(Beginning of Data)
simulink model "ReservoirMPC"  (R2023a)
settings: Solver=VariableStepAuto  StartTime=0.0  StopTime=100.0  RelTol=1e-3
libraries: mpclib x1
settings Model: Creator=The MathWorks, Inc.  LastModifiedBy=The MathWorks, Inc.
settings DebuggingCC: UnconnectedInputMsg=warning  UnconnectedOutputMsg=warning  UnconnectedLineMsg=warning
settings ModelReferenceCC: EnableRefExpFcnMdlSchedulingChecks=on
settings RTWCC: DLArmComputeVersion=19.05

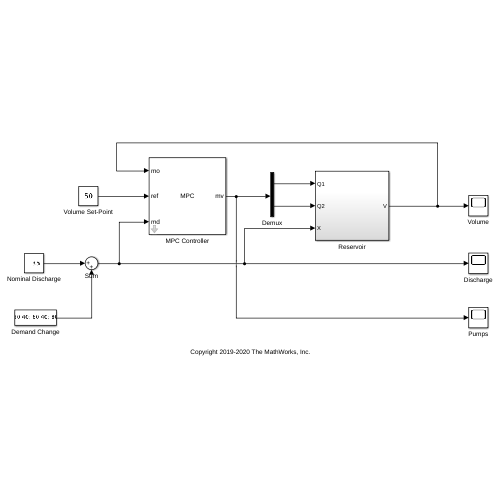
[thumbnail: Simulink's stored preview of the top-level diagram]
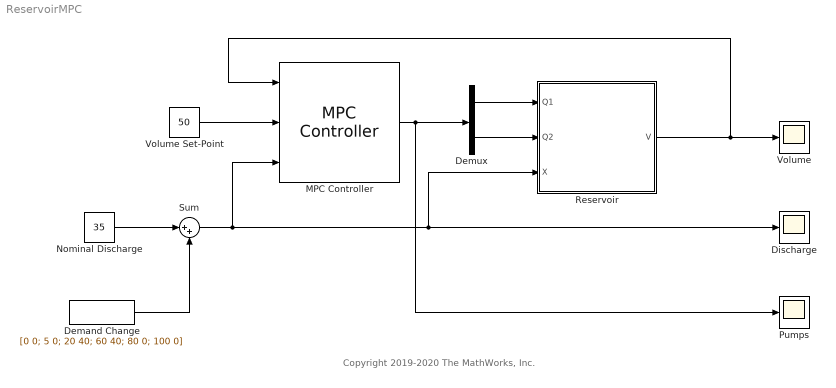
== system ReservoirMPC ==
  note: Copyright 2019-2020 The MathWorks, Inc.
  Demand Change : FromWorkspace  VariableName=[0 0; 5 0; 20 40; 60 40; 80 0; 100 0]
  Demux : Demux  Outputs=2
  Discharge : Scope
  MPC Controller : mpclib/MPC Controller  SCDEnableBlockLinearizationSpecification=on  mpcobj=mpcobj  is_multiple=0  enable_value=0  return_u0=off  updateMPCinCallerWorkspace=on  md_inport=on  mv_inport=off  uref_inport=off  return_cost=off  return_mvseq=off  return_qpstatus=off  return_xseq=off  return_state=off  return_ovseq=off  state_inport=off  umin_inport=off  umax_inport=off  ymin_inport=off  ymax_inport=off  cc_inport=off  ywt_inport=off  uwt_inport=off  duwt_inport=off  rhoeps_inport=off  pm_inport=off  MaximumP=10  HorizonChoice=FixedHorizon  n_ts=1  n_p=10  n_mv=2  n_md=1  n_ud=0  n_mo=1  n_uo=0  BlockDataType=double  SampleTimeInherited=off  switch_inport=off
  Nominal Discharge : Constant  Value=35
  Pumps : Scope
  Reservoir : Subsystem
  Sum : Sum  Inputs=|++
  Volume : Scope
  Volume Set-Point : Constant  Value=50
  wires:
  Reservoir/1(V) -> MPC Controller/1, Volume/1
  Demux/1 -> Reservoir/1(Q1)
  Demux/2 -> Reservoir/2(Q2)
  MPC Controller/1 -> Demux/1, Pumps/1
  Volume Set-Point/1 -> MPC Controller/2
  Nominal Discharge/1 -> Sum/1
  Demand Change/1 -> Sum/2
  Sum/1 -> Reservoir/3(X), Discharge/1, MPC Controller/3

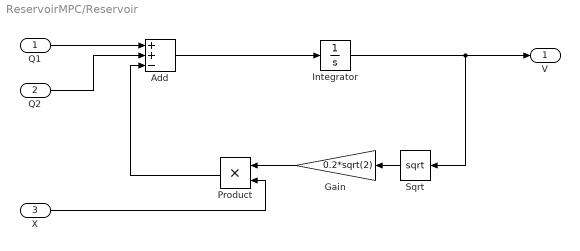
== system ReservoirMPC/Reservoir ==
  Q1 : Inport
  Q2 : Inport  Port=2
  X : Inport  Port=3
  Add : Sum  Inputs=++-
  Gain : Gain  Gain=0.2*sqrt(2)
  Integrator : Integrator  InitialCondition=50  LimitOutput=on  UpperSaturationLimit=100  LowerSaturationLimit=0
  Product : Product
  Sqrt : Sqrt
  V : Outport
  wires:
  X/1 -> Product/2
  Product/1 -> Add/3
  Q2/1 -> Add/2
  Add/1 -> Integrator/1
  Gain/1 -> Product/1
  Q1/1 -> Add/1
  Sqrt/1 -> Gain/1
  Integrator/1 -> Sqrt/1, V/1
(End of Data)
__Assignment__
Print the records word for word and exclude any picture they hold.

__Response to this exercise__
simulink model "ReservoirMPC"  (R2023a)
settings: Solver=VariableStepAuto  StartTime=0.0  StopTime=100.0  RelTol=1e-3
libraries: mpclib x1
settings Model: Creator=The MathWorks, Inc.  LastModifiedBy=The MathWorks, Inc.
settings DebuggingCC: UnconnectedInputMsg=warning  UnconnectedOutputMsg=warning  UnconnectedLineMsg=warning
settings ModelReferenceCC: EnableRefExpFcnMdlSchedulingChecks=on
settings RTWCC: DLArmComputeVersion=19.05

[thumbnail: Simulink's stored preview of the top-level diagram]
== system ReservoirMPC ==
  note: Copyright 2019-2020 The MathWorks, Inc.
  Demand Change : FromWorkspace  VariableName=[0 0; 5 0; 20 40; 60 40; 80 0; 100 0]
  Demux : Demux  Outputs=2
  Discharge : Scope
  MPC Controller : mpclib/MPC Controller  SCDEnableBlockLinearizationSpecification=on  mpcobj=mpcobj  is_multiple=0  enable_value=0  return_u0=off  updateMPCinCallerWorkspace=on  md_inport=on  mv_inport=off  uref_inport=off  return_cost=off  return_mvseq=off  return_qpstatus=off  return_xseq=off  return_state=off  return_ovseq=off  state_inport=off  umin_inport=off  umax_inport=off  ymin_inport=off  ymax_inport=off  cc_inport=off  ywt_inport=off  uwt_inport=off  duwt_inport=off  rhoeps_inport=off  pm_inport=off  MaximumP=10  HorizonChoice=FixedHorizon  n_ts=1  n_p=10  n_mv=2  n_md=1  n_ud=0  n_mo=1  n_uo=0  BlockDataType=double  SampleTimeInherited=off  switch_inport=off
  Nominal Discharge : Constant  Value=35
  Pumps : Scope
  Reservoir : Subsystem
  Sum : Sum  Inputs=|++
  Volume : Scope
  Volume Set-Point : Constant  Value=50
  wires:
  Reservoir/1(V) -> MPC Controller/1, Volume/1
  Demux/1 -> Reservoir/1(Q1)
  Demux/2 -> Reservoir/2(Q2)
  MPC Controller/1 -> Demux/1, Pumps/1
  Volume Set-Point/1 -> MPC Controller/2
  Nominal Discharge/1 -> Sum/1
  Demand Change/1 -> Sum/2
  Sum/1 -> Reservoir/3(X), Discharge/1, MPC Controller/3

== system ReservoirMPC/Reservoir ==
  Q1 : Inport
  Q2 : Inport  Port=2
  X : Inport  Port=3
  Add : Sum  Inputs=++-
  Gain : Gain  Gain=0.2*sqrt(2)
  Integrator : Integrator  InitialCondition=50  LimitOutput=on  UpperSaturationLimit=100  LowerSaturationLimit=0
  Product : Product
  Sqrt : Sqrt
  V : Outport
  wires:
  X/1 -> Product/2
  Product/1 -> Add/3
  Q2/1 -> Add/2
  Add/1 -> Integrator/1
  Gain/1 -> Product/1
  Q1/1 -> Add/1
  Sqrt/1 -> Gain/1
  Integrator/1 -> Sqrt/1, V/1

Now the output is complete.